PlayUp’s US operations are set to come to a screeching halt soon, leaving Colorado down yet another sportsbook.
The company is expected to sell its US business to an undisclosed publicly listed company. The sale will also herald a massive restructuring. PlayUp will retain only seven US employees as part of the upcoming deal.
CEO Daniel Simic said PlayUp’s Australian business will remain intact while its US arm will be sold to a company with a senior management team better equipped to run a US sportsbook.
The acquisition was scheduled to occur on June 30, but some delays pushed it back to the end of July.
PlayUp’s financial and foothold woes doom company
PlayUp launched in Colorado on March 8, 2021. With recent exits of other sportsbooks plus PlayUp’s downfall, the CO sports betting market is down to 20 operators.
PlayUp was only live in New Jersey and Colorado, two markets crowded by big-name operators. The company was ailing from the start, and numerous financial blows sealed the deal.

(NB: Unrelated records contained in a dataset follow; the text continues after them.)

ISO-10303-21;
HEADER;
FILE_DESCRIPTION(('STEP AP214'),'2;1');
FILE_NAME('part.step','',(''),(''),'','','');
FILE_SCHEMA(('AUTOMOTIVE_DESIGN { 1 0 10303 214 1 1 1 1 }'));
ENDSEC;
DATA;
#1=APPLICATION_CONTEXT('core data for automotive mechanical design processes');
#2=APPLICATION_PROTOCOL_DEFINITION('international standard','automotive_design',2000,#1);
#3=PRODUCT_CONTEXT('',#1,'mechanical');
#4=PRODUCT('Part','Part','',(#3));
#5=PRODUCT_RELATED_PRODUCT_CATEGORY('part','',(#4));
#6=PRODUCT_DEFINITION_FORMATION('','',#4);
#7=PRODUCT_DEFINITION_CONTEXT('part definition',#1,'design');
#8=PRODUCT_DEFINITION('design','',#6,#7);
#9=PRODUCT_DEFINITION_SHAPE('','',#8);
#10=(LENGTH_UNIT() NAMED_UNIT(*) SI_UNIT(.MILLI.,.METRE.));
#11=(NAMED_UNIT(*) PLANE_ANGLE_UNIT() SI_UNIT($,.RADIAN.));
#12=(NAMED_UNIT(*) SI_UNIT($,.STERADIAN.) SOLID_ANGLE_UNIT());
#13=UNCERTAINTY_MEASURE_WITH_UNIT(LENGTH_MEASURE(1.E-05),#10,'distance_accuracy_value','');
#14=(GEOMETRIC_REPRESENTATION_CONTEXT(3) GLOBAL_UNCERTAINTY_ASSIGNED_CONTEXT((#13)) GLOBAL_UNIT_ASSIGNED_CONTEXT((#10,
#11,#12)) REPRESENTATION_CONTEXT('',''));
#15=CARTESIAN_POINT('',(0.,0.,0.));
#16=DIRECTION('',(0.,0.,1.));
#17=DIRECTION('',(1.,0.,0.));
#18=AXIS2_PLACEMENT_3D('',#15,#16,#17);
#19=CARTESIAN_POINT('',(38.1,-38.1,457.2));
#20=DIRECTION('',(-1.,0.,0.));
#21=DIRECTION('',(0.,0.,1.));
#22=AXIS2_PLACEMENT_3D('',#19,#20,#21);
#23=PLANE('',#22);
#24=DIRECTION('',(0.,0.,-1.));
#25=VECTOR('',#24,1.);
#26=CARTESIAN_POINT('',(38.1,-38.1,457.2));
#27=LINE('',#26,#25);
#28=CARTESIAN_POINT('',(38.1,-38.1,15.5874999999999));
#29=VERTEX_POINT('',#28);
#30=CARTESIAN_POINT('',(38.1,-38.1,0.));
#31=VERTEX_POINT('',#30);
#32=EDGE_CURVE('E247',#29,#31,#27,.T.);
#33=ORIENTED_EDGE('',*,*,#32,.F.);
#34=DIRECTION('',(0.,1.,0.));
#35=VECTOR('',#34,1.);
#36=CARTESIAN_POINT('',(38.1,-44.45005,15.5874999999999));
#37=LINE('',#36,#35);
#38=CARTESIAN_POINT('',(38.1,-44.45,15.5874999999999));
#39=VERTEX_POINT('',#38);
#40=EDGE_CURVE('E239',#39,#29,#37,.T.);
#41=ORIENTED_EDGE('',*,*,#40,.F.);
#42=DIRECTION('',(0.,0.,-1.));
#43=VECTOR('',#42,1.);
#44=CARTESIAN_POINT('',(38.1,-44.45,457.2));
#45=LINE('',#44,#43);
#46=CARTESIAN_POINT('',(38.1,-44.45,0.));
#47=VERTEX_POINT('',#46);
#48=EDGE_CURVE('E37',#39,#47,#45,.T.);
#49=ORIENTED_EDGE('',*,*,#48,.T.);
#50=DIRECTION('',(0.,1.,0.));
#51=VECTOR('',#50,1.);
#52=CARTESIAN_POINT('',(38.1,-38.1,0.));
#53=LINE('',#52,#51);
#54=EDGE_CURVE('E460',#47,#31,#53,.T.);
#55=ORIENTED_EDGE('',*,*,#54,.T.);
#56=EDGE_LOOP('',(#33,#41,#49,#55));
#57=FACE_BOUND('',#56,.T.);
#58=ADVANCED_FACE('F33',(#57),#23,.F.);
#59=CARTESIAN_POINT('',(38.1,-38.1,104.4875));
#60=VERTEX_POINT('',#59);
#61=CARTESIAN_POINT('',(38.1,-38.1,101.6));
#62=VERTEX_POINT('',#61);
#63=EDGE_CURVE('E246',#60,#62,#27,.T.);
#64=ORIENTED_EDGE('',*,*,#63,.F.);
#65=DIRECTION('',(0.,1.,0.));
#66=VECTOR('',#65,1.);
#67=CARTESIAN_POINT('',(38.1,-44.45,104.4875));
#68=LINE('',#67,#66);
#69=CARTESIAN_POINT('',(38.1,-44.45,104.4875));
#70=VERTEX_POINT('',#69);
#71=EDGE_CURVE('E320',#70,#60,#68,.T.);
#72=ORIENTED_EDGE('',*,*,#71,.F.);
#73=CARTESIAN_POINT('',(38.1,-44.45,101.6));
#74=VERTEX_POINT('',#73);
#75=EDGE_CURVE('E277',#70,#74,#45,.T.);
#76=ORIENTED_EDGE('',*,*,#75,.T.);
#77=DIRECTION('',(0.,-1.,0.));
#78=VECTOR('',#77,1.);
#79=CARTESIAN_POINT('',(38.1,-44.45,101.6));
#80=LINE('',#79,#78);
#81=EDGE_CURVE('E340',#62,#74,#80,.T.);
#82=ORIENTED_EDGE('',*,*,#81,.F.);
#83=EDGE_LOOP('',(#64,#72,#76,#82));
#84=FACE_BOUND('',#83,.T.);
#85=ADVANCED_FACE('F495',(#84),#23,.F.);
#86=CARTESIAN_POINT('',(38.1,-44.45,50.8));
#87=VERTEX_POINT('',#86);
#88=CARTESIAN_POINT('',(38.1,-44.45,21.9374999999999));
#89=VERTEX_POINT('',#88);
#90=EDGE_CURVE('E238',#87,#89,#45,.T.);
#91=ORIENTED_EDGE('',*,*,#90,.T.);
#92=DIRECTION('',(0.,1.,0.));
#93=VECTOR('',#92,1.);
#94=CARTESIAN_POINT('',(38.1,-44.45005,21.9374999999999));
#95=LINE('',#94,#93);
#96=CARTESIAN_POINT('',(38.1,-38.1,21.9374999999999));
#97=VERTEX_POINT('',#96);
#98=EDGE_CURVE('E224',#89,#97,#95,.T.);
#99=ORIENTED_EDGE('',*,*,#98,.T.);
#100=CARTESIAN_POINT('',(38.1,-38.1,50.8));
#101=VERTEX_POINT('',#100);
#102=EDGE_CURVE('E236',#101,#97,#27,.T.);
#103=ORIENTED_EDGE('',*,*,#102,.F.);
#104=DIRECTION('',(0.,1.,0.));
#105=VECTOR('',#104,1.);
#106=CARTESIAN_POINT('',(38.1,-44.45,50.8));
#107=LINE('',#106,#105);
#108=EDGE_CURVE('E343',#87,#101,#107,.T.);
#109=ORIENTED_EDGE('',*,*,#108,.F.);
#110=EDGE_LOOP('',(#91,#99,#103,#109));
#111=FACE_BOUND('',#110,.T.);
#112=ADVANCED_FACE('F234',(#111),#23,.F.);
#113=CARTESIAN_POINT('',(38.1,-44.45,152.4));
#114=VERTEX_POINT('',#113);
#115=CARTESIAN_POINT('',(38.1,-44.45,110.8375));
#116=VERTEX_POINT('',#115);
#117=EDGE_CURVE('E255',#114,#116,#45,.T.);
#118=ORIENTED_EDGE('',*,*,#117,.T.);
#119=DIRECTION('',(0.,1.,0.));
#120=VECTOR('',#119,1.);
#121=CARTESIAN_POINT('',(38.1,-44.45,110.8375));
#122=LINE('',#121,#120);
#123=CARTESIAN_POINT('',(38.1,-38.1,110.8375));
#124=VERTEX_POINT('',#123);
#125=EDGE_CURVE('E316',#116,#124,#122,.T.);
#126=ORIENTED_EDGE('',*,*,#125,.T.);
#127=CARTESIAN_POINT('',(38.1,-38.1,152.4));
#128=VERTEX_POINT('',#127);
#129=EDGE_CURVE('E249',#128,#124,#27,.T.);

FTX funded PlayUp to the tune of $35 million in early 2022. Then, the business planned to sell to FTX, a cryptocurrency exchange, but FTX collapsed under the strain of illicit activity, and founder Sam Bankman-Fried using the exchange as his personal piggy bank (among many other suspected crimes).
That left PlayUp out to dry, and the struggles only continued from there.
Some reports from anonymous employees say PlayUp has failed to pay its workers since mid-June, and layoffs continue ahead of the sale. Simic claims that some employees have not been completing their work. That could be true if they weren’t being paid.
Another sportsbook bites the dust in CO
PlayUp’s implosion and impending sale adds another sportsbook to the list of operators leaving Colorado.
Maverick Sportsbook and Sky Ute Sportsbook are both shutting down operations in the state. This follows TwinSpires’ exit in 2022 and Elite Sportsbook’s exodus from The Centennial State on June 5 of this year.
Bally Bet stopped accepting bets recently, but it’s planning to come back after a merger with Kambi, which is expected to amp up the sportsbook’s technology and offer better odds and user experience improvements.
Even with these recent exits, Colorado should consider hiking its tax rate, which at 10% is one of the lowest in the US. The companies that have shuttered operations recently are because of reasons much deeper than the state’s favorable tax rate.